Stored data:
>>>
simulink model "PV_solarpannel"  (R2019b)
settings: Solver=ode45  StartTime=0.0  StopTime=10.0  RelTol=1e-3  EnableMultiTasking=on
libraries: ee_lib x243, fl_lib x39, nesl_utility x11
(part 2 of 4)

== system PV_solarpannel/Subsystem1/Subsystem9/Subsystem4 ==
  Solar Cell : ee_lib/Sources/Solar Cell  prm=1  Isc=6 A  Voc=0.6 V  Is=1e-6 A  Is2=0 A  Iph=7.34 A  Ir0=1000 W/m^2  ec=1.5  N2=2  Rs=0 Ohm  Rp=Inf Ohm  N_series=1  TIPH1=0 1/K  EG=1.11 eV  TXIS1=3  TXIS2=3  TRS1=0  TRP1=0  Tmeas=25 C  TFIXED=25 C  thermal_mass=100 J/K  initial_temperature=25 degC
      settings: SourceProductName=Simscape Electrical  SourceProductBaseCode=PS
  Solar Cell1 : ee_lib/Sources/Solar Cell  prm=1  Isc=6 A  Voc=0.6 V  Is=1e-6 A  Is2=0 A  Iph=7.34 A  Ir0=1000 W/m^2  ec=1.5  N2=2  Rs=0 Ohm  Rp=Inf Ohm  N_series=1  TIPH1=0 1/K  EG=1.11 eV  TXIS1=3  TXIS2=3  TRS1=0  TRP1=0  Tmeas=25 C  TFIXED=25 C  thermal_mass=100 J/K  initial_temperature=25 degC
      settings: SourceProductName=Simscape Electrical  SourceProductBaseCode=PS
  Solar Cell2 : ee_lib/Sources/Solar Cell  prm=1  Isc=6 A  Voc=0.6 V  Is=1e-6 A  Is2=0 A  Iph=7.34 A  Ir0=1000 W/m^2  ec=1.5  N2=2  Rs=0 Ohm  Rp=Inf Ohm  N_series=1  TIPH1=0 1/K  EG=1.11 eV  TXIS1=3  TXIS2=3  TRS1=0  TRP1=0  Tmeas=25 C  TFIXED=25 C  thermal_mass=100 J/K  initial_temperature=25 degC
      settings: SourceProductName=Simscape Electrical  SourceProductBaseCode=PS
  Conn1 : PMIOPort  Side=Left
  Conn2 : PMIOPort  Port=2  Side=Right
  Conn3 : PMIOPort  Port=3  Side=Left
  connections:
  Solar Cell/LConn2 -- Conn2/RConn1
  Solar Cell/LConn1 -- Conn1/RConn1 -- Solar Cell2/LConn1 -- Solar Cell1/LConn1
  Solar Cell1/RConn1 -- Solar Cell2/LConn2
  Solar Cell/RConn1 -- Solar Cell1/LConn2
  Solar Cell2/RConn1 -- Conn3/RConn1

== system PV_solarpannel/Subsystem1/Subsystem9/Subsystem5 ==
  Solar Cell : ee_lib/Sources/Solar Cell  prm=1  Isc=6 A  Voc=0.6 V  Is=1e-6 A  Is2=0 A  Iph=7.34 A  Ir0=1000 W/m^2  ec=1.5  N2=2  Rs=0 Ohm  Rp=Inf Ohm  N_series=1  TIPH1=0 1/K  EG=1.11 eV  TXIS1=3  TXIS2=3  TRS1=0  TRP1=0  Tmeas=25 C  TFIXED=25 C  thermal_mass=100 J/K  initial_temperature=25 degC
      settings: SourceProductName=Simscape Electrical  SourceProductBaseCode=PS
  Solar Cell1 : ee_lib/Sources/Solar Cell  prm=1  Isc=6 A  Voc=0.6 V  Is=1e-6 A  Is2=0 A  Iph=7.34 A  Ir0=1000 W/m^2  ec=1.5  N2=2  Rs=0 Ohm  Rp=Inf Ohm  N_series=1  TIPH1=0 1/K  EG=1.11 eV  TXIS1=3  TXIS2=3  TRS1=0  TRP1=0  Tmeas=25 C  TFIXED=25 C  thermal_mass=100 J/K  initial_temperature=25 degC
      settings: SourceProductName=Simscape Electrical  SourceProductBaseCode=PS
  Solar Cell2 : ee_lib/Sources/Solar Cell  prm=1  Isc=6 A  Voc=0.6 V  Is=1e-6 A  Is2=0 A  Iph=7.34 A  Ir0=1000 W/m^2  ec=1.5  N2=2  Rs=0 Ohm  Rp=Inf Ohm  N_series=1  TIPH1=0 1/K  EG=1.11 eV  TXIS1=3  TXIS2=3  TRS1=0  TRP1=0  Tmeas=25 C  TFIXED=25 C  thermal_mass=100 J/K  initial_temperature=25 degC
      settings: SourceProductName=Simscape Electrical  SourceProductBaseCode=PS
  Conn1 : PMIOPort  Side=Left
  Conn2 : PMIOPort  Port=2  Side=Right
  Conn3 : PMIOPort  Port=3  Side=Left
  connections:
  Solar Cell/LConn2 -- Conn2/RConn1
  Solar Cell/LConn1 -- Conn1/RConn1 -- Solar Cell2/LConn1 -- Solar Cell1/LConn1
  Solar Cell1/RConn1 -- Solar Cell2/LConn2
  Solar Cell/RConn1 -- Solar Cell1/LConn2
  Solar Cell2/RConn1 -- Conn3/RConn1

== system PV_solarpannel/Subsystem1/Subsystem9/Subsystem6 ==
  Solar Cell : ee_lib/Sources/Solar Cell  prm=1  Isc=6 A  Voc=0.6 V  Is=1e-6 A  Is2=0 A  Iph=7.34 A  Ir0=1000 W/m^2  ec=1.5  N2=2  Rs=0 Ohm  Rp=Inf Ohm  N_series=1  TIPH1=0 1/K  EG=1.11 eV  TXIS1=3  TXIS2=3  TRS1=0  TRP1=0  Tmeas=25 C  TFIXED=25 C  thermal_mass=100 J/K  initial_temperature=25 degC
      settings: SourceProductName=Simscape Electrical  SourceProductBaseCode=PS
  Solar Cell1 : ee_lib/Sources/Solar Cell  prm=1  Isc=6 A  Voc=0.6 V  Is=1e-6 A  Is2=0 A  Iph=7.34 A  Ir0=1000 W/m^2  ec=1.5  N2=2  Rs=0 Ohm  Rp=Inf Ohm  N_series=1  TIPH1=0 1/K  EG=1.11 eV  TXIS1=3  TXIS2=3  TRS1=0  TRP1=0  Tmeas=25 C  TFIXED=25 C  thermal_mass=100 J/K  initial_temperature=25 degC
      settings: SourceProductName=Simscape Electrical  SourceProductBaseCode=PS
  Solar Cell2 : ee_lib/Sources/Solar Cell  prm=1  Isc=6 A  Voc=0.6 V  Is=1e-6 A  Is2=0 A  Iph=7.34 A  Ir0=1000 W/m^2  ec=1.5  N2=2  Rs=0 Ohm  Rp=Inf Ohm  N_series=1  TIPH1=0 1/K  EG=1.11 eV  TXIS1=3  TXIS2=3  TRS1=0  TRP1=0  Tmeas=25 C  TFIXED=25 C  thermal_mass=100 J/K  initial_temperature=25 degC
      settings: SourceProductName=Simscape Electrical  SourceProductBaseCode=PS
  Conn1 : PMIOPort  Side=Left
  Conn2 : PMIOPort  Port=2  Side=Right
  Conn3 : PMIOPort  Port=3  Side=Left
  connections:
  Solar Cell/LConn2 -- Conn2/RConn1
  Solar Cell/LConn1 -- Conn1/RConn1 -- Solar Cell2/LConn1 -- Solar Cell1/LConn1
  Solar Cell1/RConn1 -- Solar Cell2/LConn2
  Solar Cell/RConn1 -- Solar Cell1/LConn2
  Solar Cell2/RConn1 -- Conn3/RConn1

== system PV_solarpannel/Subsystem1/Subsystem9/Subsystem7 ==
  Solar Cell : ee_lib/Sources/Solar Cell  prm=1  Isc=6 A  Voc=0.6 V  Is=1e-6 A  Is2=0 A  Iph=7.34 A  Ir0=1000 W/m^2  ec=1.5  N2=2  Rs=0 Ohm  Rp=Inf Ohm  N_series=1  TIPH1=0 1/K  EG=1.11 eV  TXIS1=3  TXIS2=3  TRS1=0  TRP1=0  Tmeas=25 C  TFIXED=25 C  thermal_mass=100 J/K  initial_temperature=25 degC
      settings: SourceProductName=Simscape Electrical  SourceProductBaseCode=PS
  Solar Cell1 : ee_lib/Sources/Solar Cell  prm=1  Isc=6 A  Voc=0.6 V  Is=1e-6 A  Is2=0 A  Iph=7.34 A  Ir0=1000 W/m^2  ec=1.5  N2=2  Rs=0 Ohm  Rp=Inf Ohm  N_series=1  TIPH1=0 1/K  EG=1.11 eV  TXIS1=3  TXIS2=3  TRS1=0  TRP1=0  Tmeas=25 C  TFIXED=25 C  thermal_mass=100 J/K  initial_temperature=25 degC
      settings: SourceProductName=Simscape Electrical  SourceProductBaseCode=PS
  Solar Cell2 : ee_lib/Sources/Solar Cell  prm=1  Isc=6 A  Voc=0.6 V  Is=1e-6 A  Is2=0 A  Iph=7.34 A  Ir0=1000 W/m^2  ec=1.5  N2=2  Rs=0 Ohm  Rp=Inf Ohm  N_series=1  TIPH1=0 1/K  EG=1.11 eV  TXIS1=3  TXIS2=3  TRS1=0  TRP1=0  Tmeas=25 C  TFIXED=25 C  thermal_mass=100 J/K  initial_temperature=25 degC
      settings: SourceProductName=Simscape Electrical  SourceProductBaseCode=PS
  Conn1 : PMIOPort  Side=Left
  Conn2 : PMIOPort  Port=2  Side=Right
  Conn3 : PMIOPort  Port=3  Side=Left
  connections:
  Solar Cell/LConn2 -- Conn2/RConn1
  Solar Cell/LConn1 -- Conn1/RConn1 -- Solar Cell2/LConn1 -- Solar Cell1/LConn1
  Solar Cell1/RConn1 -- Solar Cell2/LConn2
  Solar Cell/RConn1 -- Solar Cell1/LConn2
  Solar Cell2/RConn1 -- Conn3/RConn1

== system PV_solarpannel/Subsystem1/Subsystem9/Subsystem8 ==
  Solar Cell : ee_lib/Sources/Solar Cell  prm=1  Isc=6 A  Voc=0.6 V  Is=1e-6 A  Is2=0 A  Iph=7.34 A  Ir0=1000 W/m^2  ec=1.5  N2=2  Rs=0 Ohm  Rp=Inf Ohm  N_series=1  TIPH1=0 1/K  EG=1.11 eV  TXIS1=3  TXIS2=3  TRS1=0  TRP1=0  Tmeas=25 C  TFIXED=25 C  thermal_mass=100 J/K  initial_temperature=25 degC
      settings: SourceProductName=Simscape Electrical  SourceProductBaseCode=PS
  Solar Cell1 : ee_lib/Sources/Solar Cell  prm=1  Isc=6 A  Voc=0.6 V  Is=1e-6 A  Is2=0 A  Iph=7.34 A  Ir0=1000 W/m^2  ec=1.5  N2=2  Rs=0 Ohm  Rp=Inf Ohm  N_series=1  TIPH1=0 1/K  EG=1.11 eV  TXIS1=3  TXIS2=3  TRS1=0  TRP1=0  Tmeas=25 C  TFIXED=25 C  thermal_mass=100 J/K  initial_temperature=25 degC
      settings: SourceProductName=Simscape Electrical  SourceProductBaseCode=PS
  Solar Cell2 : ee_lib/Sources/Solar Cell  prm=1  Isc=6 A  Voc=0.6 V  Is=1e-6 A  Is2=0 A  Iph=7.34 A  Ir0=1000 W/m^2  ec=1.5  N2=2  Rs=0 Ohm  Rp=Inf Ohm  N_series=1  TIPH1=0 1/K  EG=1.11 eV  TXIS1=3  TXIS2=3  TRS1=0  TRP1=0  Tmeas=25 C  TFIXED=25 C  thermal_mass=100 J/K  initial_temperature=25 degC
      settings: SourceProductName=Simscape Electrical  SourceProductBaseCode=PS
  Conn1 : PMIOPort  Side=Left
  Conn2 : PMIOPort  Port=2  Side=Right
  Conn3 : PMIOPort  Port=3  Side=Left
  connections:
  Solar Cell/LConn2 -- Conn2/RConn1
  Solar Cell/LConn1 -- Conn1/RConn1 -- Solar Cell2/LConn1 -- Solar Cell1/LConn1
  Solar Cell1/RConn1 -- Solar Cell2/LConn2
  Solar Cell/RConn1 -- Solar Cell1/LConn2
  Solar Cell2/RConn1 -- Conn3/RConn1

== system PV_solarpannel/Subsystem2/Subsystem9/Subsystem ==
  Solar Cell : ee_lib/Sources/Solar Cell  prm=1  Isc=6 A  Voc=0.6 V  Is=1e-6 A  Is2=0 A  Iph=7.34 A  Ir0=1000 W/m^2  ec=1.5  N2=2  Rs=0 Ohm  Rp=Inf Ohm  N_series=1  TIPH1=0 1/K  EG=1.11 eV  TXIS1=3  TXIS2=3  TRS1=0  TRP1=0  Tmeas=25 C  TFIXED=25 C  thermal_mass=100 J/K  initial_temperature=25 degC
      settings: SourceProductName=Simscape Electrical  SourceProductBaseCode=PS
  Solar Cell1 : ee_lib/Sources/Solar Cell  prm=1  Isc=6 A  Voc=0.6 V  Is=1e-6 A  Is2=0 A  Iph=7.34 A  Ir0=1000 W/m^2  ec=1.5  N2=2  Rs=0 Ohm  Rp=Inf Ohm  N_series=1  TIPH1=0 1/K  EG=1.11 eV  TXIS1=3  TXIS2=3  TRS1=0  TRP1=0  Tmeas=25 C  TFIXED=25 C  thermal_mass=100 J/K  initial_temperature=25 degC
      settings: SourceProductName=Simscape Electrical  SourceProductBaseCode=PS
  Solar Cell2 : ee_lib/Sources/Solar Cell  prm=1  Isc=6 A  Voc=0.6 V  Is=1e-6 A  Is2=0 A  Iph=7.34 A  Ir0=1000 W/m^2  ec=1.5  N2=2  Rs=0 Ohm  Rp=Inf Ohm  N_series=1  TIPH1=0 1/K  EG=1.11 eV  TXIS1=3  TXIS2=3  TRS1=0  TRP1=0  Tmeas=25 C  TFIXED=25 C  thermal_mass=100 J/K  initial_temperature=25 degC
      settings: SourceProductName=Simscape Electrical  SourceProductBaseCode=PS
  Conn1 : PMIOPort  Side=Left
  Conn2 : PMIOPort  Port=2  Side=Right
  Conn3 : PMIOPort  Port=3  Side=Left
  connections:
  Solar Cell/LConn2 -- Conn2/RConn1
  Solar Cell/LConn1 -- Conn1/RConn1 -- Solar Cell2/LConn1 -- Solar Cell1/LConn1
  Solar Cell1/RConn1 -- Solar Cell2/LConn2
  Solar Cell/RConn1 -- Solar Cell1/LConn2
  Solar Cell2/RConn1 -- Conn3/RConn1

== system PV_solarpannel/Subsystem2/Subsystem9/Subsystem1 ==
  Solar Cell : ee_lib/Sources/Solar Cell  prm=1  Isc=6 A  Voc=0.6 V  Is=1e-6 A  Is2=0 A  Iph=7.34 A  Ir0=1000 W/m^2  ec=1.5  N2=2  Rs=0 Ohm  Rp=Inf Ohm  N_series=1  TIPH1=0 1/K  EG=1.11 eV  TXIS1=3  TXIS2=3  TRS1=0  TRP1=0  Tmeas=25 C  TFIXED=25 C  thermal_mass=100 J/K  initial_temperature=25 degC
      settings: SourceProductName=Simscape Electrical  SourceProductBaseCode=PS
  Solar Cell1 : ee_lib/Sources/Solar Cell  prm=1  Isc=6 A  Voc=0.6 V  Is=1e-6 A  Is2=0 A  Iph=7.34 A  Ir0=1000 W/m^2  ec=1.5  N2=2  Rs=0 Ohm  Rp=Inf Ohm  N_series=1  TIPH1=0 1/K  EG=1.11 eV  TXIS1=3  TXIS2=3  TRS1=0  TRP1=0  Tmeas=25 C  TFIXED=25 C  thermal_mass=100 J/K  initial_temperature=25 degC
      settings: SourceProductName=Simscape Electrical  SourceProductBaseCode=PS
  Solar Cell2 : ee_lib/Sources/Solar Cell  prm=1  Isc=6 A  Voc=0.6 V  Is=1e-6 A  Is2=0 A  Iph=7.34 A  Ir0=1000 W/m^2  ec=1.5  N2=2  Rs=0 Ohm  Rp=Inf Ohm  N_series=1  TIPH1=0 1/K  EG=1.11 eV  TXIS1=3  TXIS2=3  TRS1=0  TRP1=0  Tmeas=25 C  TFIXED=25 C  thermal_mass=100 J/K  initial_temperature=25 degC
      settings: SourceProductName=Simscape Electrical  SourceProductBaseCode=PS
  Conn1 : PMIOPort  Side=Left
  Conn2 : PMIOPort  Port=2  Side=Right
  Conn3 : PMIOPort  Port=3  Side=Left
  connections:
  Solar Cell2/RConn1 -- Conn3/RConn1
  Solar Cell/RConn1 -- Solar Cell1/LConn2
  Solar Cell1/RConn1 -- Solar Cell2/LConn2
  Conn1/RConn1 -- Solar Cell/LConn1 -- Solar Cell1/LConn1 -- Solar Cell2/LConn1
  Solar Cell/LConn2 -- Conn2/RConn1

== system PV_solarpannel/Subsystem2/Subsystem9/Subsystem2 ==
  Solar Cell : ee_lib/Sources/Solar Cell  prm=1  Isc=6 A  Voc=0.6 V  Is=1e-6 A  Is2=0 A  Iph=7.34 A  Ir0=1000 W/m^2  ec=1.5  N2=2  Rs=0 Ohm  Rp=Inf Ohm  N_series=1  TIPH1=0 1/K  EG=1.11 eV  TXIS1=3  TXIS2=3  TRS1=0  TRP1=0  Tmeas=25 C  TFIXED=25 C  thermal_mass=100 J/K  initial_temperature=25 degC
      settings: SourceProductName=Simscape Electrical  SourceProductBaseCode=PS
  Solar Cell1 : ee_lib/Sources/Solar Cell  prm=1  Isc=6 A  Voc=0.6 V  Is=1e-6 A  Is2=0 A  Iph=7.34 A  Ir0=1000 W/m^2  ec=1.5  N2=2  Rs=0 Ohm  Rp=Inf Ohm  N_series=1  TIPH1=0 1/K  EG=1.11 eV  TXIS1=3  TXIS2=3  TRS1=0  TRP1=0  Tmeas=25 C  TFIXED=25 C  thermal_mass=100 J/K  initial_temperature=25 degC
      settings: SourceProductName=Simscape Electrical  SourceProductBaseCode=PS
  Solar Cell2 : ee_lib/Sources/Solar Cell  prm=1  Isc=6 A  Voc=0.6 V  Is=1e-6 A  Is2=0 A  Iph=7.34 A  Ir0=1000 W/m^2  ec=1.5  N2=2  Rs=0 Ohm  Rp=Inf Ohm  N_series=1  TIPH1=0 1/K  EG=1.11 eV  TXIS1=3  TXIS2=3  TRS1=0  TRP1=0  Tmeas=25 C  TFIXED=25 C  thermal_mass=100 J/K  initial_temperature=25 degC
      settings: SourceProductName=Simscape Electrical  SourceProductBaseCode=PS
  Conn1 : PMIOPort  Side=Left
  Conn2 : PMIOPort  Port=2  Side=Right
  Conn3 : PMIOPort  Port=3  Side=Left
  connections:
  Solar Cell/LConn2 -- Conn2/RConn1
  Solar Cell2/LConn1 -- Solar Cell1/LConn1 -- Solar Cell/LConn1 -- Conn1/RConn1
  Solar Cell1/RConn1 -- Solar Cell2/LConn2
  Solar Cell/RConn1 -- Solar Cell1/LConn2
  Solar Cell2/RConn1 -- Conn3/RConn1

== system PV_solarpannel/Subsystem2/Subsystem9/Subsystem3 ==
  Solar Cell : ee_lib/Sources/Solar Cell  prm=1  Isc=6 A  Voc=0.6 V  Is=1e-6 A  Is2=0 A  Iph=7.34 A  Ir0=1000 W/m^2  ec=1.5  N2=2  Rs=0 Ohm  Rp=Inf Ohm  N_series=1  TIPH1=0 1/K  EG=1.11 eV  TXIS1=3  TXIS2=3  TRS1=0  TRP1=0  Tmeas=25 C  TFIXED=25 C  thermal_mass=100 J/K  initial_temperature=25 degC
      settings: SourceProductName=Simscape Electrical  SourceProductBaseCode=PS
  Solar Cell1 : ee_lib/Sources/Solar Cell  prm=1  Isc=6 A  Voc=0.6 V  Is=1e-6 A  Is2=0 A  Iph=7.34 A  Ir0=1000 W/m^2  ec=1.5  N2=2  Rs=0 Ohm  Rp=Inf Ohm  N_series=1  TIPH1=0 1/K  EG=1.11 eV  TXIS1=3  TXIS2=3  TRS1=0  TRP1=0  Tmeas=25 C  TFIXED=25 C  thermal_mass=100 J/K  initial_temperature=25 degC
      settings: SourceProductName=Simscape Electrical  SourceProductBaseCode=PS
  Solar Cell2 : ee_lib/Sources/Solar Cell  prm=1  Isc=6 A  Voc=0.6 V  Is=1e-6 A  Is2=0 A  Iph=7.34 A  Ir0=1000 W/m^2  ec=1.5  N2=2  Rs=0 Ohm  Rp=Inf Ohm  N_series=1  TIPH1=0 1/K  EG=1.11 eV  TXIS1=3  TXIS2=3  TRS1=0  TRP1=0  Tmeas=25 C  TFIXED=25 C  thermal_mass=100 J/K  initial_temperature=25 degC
<<<
Only the lines containing the string "system" are needed; pull them out of the records.

== system PV_solarpannel/Subsystem1/Subsystem9/Subsystem4 ==
== system PV_solarpannel/Subsystem1/Subsystem9/Subsystem5 ==
== system PV_solarpannel/Subsystem1/Subsystem9/Subsystem6 ==
== system PV_solarpannel/Subsystem1/Subsystem9/Subsystem7 ==
== system PV_solarpannel/Subsystem1/Subsystem9/Subsystem8 ==
== system PV_solarpannel/Subsystem2/Subsystem9/Subsystem ==
== system PV_solarpannel/Subsystem2/Subsystem9/Subsystem1 ==
== system PV_solarpannel/Subsystem2/Subsystem9/Subsystem2 ==
== system PV_solarpannel/Subsystem2/Subsystem9/Subsystem3 ==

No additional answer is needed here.